Morgan spent the rest of his life in his native shire, where he prospered by local standards: in 1625 he purchased 320 acres of former Crown land in Ceri, Montgomeryshire from Arnold Herbert; while at his death he had £600 out on loan to relatives and neighbours.9 In 1627 Morgan served as one of the collectors of the Montgomeryshire Forced Loan; the county paid only 61 per cent of its quota, a disappointing performance, while Morgan’s share only reached the Exchequer in January 1628, just as the levy was being abandoned.10 In the early 1630s he played a leading role in a consortium purchasing the Crown interest in the lordship of Arwystli, Montgomeryshire, perhaps partly because of his existing contacts with the Westminster scrivener Thomas Powell, who named Morgan an executor of his will in 1634.11 Morgan settled his own estates in December 1636, just after the end of his term as sheriff of Montgomeryshire, providing for each of his six children. Still engaged in litigation as late as August 1637, he drafted a codicil to his will at the turn of the year, and died on 25 Jan. 1638, his wife obtaining probate on 19 April. His descendants continued to live in Aberhafesp for the rest of the century, but none sat in Parliament.12

Ref Volumes: 1604-1629

Author: Simon Healy

Notes

  • 1. Dwnn, Vis. Wales ed.
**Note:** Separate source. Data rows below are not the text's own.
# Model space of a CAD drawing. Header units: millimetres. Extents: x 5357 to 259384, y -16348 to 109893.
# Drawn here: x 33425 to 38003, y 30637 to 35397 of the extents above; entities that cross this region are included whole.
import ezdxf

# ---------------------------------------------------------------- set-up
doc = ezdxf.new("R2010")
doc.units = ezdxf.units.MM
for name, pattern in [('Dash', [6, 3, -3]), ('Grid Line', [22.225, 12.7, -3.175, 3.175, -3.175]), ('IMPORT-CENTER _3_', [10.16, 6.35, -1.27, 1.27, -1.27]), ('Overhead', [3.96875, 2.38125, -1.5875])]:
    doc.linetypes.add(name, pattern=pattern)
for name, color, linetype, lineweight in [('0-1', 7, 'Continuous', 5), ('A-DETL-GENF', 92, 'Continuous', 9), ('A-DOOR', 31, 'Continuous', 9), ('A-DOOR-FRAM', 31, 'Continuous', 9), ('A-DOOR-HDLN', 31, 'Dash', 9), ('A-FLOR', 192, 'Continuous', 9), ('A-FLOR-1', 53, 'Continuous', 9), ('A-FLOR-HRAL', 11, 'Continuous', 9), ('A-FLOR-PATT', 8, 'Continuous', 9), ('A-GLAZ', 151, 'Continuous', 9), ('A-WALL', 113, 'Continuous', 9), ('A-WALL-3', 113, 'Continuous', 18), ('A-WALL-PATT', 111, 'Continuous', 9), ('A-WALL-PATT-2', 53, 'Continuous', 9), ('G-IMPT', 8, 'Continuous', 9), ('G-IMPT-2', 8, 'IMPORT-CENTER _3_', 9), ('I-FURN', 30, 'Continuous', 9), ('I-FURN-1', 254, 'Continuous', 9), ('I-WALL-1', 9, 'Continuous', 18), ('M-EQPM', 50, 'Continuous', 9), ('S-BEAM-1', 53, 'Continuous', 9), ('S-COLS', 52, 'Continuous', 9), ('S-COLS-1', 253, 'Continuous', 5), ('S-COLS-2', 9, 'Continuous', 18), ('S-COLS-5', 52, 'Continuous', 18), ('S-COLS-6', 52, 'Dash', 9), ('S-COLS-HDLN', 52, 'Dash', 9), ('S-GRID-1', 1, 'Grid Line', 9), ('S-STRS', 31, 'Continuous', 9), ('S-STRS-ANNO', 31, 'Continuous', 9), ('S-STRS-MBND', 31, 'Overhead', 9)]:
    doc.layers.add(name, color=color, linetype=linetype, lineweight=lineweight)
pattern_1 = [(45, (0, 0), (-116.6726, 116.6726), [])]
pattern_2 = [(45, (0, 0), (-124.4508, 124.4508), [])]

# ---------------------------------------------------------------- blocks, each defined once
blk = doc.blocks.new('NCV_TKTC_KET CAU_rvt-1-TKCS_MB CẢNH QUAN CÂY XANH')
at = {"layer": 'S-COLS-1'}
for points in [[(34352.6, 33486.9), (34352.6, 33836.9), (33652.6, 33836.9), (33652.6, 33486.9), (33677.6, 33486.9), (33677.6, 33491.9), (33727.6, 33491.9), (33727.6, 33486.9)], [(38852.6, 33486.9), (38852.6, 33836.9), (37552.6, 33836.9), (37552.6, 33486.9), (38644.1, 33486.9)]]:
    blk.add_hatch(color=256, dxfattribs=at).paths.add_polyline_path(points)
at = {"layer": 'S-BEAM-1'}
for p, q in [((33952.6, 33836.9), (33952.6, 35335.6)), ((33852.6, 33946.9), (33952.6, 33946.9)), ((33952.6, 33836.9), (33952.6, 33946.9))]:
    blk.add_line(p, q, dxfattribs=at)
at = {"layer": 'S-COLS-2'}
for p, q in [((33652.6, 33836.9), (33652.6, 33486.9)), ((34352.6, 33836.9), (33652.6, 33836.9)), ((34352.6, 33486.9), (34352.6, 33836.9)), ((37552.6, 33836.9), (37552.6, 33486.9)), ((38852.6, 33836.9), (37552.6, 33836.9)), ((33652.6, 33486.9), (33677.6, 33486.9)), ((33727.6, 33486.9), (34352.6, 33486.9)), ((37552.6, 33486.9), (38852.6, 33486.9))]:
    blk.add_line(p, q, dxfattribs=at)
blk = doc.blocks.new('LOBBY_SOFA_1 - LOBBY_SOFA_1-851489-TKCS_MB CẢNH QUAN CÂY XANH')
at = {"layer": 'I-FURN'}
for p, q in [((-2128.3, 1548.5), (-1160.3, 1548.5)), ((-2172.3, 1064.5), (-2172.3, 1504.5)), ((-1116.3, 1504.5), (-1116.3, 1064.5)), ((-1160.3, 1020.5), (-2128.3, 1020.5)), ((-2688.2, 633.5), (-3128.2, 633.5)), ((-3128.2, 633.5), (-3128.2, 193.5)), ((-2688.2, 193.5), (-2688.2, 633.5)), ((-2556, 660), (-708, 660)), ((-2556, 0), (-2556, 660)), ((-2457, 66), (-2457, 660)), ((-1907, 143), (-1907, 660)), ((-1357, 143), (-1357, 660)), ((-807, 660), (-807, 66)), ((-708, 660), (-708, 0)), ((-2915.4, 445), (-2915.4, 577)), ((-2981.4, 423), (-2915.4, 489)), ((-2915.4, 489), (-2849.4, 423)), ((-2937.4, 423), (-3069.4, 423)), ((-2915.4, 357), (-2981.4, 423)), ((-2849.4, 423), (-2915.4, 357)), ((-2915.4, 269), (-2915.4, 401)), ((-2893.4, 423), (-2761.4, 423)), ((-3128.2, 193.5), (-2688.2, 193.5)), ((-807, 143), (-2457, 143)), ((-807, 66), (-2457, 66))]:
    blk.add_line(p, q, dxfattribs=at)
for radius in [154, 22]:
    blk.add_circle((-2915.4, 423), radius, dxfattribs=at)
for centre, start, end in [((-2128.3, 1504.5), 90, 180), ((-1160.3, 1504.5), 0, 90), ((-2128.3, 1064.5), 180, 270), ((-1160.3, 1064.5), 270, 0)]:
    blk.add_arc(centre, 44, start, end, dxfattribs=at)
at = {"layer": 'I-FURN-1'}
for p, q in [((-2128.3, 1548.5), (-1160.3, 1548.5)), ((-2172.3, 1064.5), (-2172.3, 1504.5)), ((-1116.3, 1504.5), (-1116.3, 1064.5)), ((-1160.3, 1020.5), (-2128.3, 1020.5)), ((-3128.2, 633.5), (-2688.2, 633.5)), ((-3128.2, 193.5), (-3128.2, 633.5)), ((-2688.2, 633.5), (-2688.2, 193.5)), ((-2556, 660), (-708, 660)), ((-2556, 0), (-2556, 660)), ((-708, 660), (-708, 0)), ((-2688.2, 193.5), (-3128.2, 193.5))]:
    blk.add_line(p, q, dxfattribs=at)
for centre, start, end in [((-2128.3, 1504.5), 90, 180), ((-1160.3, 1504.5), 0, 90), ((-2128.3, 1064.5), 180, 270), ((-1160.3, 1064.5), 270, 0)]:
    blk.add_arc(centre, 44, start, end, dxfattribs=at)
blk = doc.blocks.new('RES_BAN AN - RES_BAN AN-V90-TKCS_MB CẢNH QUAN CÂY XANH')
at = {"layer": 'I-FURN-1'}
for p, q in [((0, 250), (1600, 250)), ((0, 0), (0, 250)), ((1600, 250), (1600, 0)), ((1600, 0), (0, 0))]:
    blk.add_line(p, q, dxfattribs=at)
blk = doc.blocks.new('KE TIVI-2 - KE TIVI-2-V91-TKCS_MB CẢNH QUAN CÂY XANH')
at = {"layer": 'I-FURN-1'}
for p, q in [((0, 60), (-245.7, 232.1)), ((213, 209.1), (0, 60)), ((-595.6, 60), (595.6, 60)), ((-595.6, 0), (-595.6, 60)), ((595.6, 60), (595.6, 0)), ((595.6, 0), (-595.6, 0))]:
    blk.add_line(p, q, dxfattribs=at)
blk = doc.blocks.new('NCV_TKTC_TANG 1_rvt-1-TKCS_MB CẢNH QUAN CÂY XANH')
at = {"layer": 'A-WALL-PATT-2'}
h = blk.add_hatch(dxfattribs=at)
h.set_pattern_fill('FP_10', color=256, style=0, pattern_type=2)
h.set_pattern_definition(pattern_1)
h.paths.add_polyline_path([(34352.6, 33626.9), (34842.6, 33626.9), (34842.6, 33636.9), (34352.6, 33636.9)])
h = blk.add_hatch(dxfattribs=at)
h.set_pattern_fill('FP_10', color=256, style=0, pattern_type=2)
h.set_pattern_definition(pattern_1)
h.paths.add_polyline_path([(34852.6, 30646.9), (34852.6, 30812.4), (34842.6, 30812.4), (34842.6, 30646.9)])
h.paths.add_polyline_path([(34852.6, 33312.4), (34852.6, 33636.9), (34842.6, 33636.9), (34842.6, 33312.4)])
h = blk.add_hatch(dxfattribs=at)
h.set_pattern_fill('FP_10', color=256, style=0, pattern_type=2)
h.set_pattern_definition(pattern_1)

S.R. Meyrick, i. 299-300; PROB 11/176, ff. 300-2; 11/201, ff. 143-4; C142/570/150; NLW, CPD 612, f. 20v (Aberhafesp par. reg.).
  • 2. CSP Dom. 1611-18, p. 103; HMC Downshire, vi. 342.
  • 3. C202/22/21, 23; E179/222/396.
  • 4. JPs in Wales and Monm. ed. Phillips, 138-42.
  • 5. C193/12/2; E401/1388.
  • 6. List of Sheriffs comp. A. Hughes (PRO, L. and I. ix), 263.
  • 7. S.J. Watts, Border to Middle Shire, 138-9, 154, 183-4.
  • 8. APC, 1615-16, p. 53; CSP Dom. 1611-18, pp. 103, 115, 213, 254; C66/1967/5, 66/2001/16.
  • 9. CSP Dom. 1611-18, p. 379; 1625-6, pp. 154, 514; E112/276/13.
  • 10. E401/1914; S. Healy, ‘Oh, what a lovely war?’, Canadian Jnl. of Hist. xxxvii. 455, 463.
  • 11. PROB 11/176, ff. 301-2; C2/Jas.I/P23/36; E112/276/13, 38; C2/Chas.I/P26/37; C8/39/55; CSP Dom. 1636-7, p. 483.
  • 12. PROB 11/176, ff. 300-2; E112/276/42; C142/570/150.